Bew’s own company, PCSG, for instance, has already helped develop a platform that enables teams to rapidly access open and licensed third-party GIS data and combine it with projectspecific BIM data to improve planning and decision-making (see box below, Introducing GeoConnect+)
However, such examples are currently rare. As Invicara’s Anand Mecheri says: “Construction is the biggest, most complex and least digitised industry on the planet. But data will grow in value, particularly when asset owners start to analyse their business operational metrics and see how better economic, environmental and social performance is related to how their built assets perform.”
Meanwhile, CDEs are, it seems, a c lass of technology compromised by industry processes still based on the exchange of files and on version and status control of those files.

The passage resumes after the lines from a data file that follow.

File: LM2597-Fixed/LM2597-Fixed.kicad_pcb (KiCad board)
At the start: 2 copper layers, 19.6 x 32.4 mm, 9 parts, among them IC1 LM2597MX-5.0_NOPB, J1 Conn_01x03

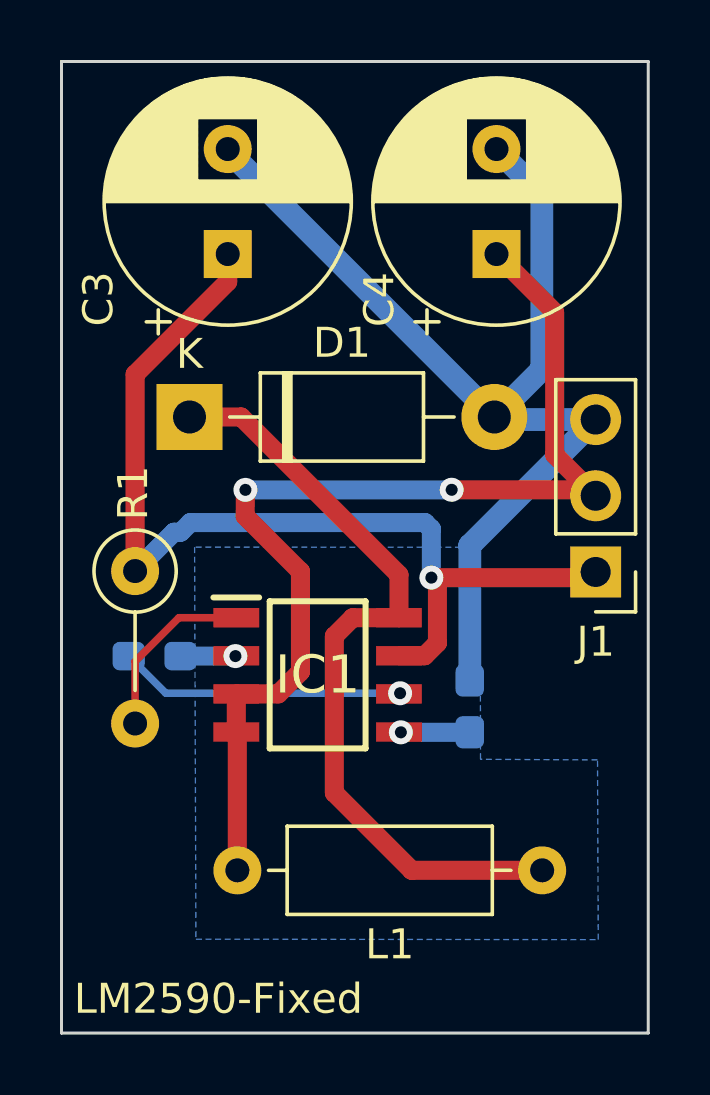
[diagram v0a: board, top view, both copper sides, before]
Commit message: updated all of these to SMD parts
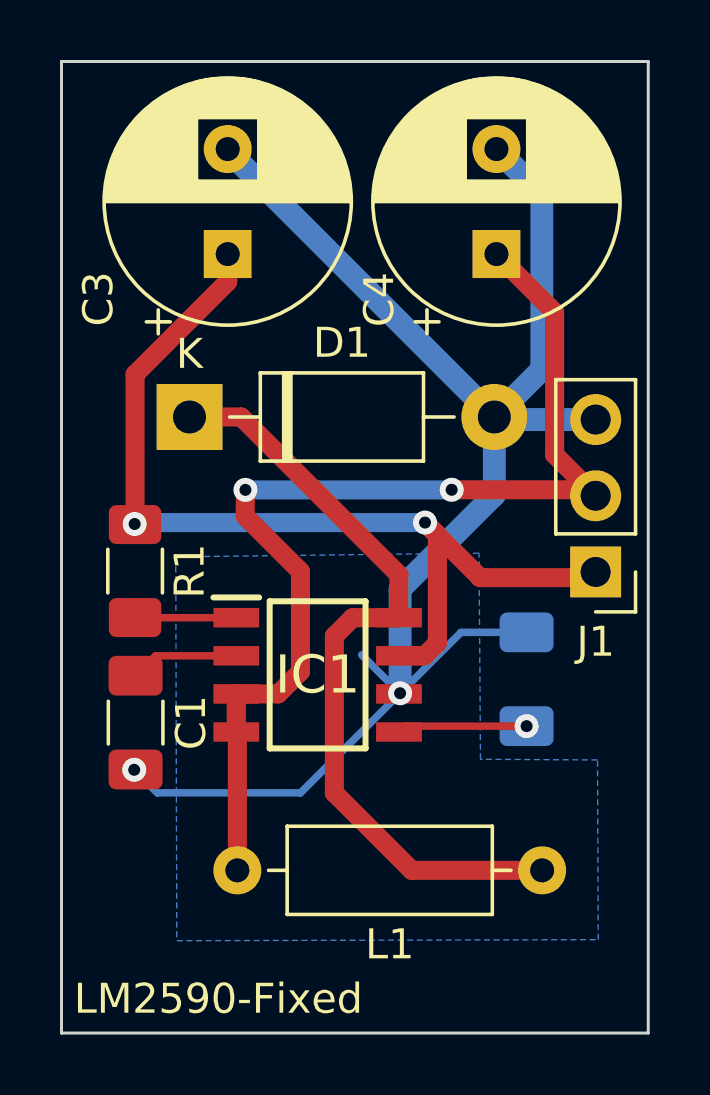
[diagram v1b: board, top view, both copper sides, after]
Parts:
- C1: footprint Capacitor_SMD:C_0603_1608Metric_Pad1.08x0.95mm_HandSolder -> Capacitor_SMD:C_1206_3216Metric_Pad1.33x1.80mm_HandSolder; moved to F.Cu
- C2: footprint Capacitor_SMD:C_0603_1608Metric_Pad1.08x0.95mm_HandSolder -> Capacitor_SMD:C_1206_3216Metric_Pad1.33x1.80mm_HandSolder
- R1: footprint Resistor_THT:R_Axial_DIN0207_L6.3mm_D2.5mm_P5.08mm_Vertical -> Resistor_SMD:R_1206_3216Metric_Pad1.30x1.75mm_HandSolder
- moved C1 2.31 mm to (147.8, 102.1), turned to -90 degrees
- moved C2 2.10 mm to (160.8, 100.7)
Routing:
- net GND: track 46.1 -> 54.0 mm, vias 1 -> 2
- net Net-(IC1-ERROR_FLAG): track 6.04 -> 3.37 mm
- net Net-(IC1-~{SHUTDOWN}/SOFT-START): track 2.30 -> 4.34 mm
- net Net-(IC1-DELAY): track 1.83 -> 3.63 mm, vias 1 -> 0
- net +VDC: track 33.1 -> 31.9 mm, vias 1 -> 2
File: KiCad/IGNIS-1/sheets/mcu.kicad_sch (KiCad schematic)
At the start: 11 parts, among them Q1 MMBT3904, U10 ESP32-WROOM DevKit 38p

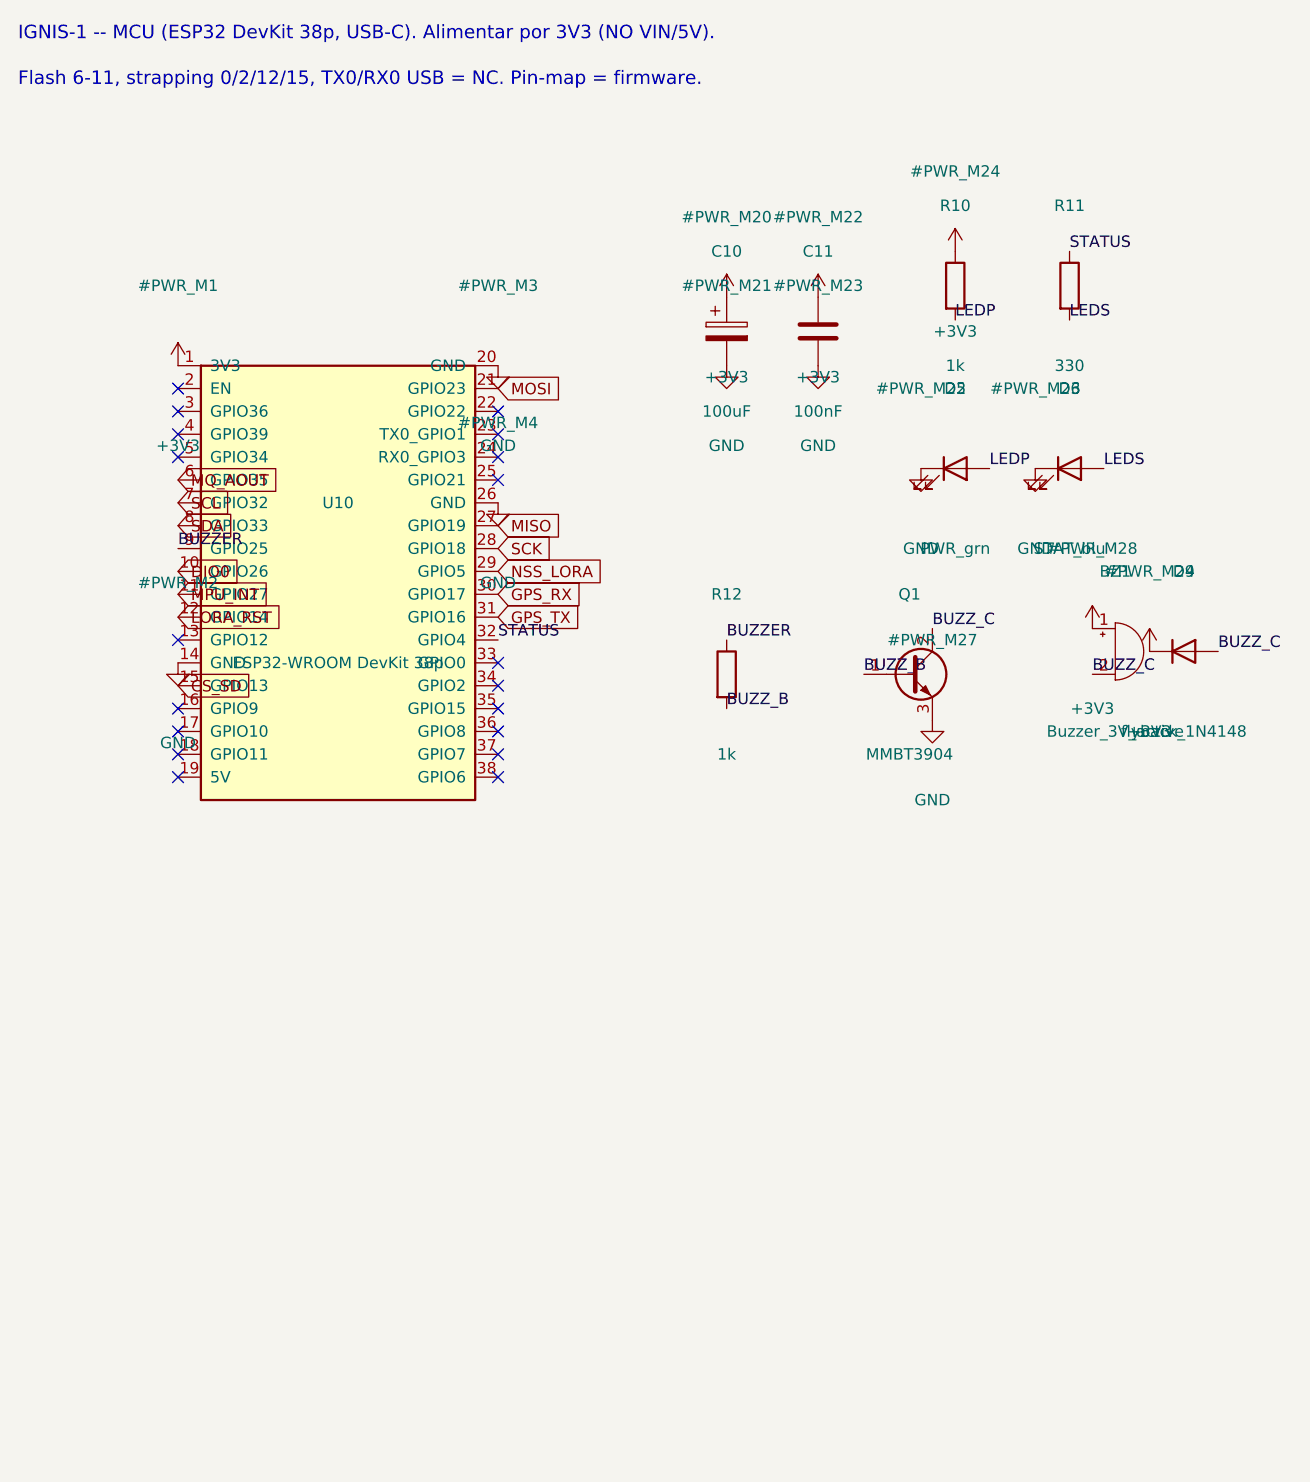
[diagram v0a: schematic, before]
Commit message: Actualizado los boards de IGNIS - separado en 3 boards
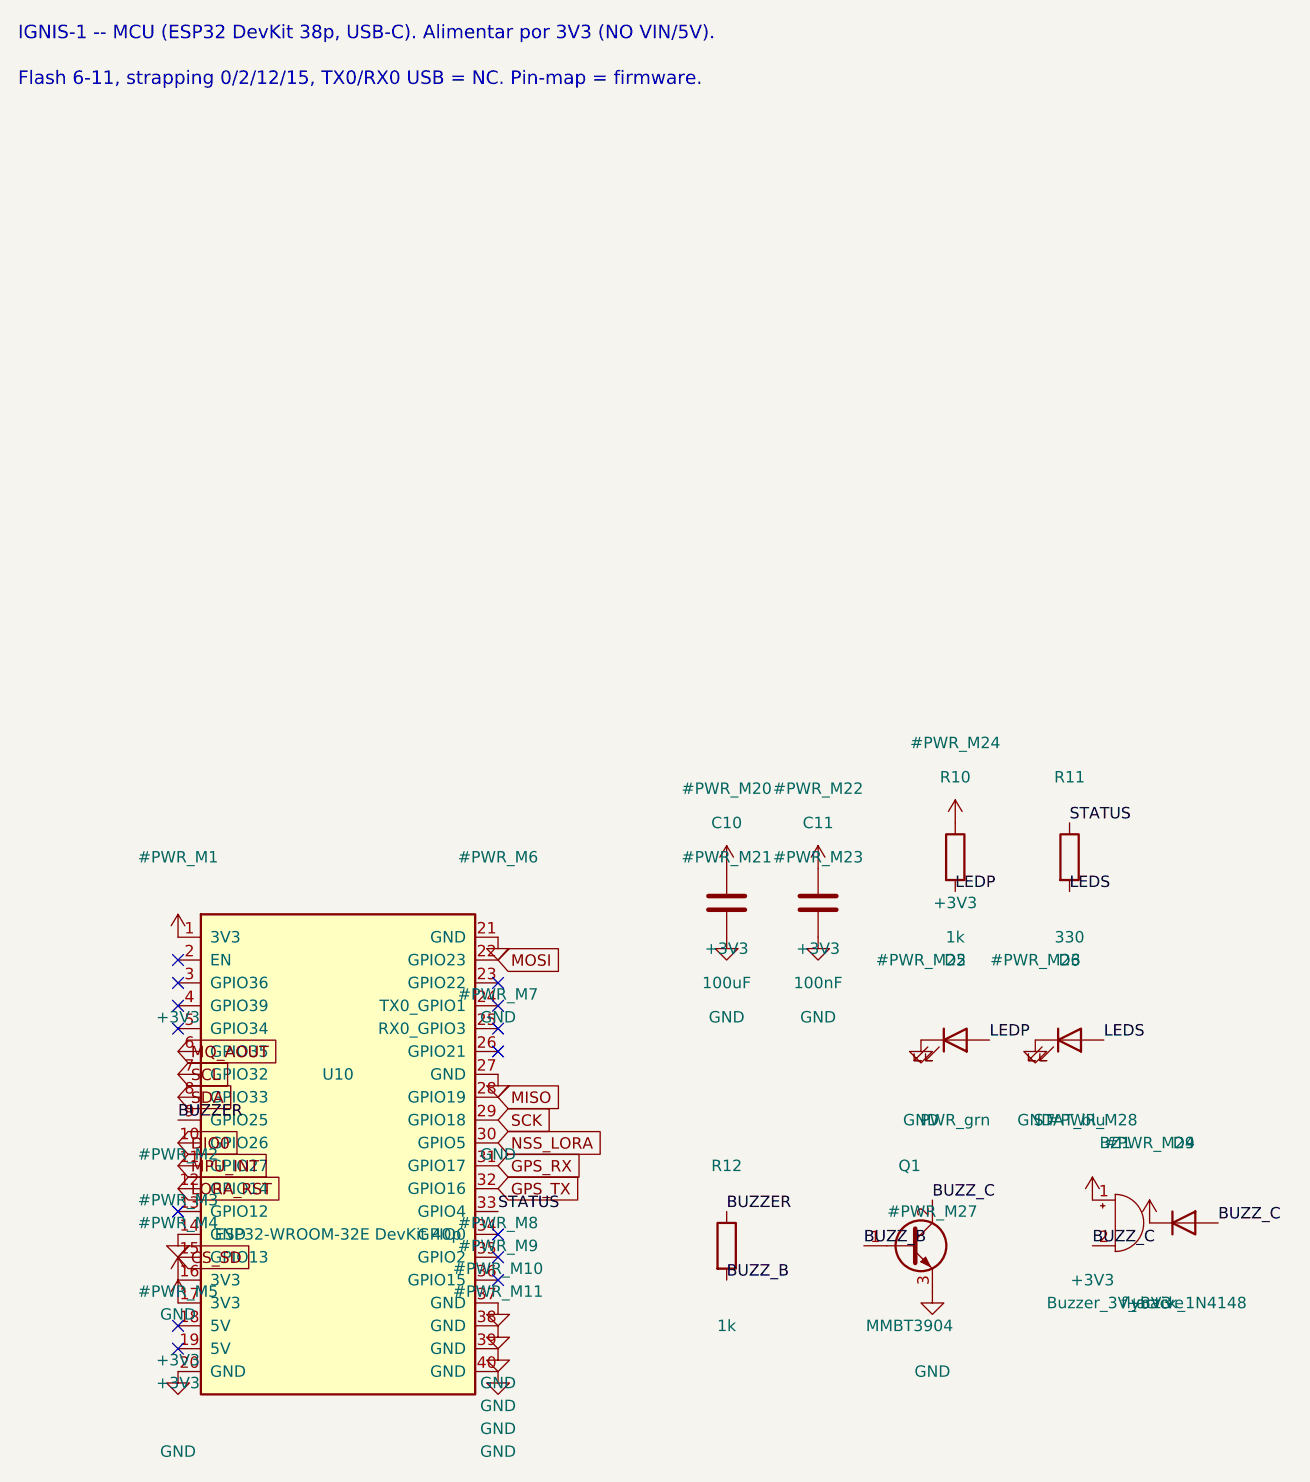
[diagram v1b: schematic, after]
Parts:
- removed C10: 100uF, Capacitor_THT:CP_Radial_D6.3mm_P2.50mm, symbol Device:C_Polarized
- removed U10: ESP32-WROOM DevKit 38p, IGNIS1:ESP32_DevKit_38p, symbol IGNIS1:ESP32_DevKit_38
- added C10: 100uF, Capacitor_SMD:C_1210_3225Metric, symbol Device:C
- added U10: ESP32-WROOM-32E DevKit 40p, IGNIS1:ESP32_DevKit_40p, symbol IGNIS1:ESP32_DevKit_40
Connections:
- net +3V3: now also C10.1, U10.1 (3V3), U10.16 (3V3), U10.17 (3V3)
- net BUZZER: now also U10.9 (GPIO25)
- net CS_SD: now also U10.15 (GPIO13)
- net DIO0: now also U10.10 (GPIO26)
- net GND: now also C10.2, U10.14 (GND), U10.20 (GND), U10.21 (GND), U10.27 (GND), U10.37 (GND), U10.38 (GND), U10.39 (GND), U10.40 (GND)
- net GPS_RX: now also U10.31 (GPIO17)
- net GPS_TX: now also U10.32 (GPIO16)
- net LORA_RST: now also U10.12 (GPIO14)
- net MISO: now also U10.28 (GPIO19)
- net MOSI: now also U10.22 (GPIO23)
- net MPU_INT: now also U10.11 (GPIO27)
- net MQ_AOUT: now also U10.6 (GPIO35)
- net NSS_LORA: now also U10.30 (GPIO5)
- net SCK: now also U10.29 (GPIO18)
- net SCL: now also U10.7 (GPIO32)
- net SDA: now also U10.8 (GPIO33)
- net STATUS: now also U10.33 (GPIO4)
- no-connect marks 19 -> 14

Technology providers could then be creating applications that exploit such data services. Shaun Farrell says: “Change management is the biggest challenge – we still can’t track changes easily in something a ubiquitous as Excel for example – as evolution of our technologies has been slow. We still insist on uploading and downloading files when data synchronisation is where we need to be.”
Some CDE vendors are trying to facilitate industry change by integrating with other tools to cut data duplication and speed up processes. Aconex and US vendor Procore, for example, are building communities of technology partners connected by APIs. Mecheri welcomes this: “A ‘network of systems’ must replace the idea of a single CDE application. Duplication of data is a huge problem.”
Consultancy PCSG worked with Reading-based GroupBC and Ordnance Survey to develop a service called GeoConnect+, launched at the GeoBusiness event in London in May 2017.
GeoConnect+ connects BIM information with geospatial data in a way that helps large asset owners and operators manage large, disparate estates better. Datasets include OS open data, OS mapping data, land and property data, flood, river and road network data.
The map or satellite imagebased interface is accompanied by a menu of ‘layers’ that can be switched on, singly or in multiple combinations, as required. Users can, for example, view all listed buildings or sites of special scientific interest, in a specific area, and even identify the number of households, complete with addresses and postcode data, that may potentially be affected by a development.
Sussex-based regional contractor Mackley undertakes a wide range of civil engineering projects in marine and river environments. Technical services manager Trevor Mossop, said: “GeoConnect+ simplifies document access and ensures that all of the available documents, pertinent to a geotagged location, are bound together and returned from any device without reliance on understanding the search criteria. This is a massive step forward in the usability of the CDE, where accessibility and ease of use dictate buyin by staff on any project.”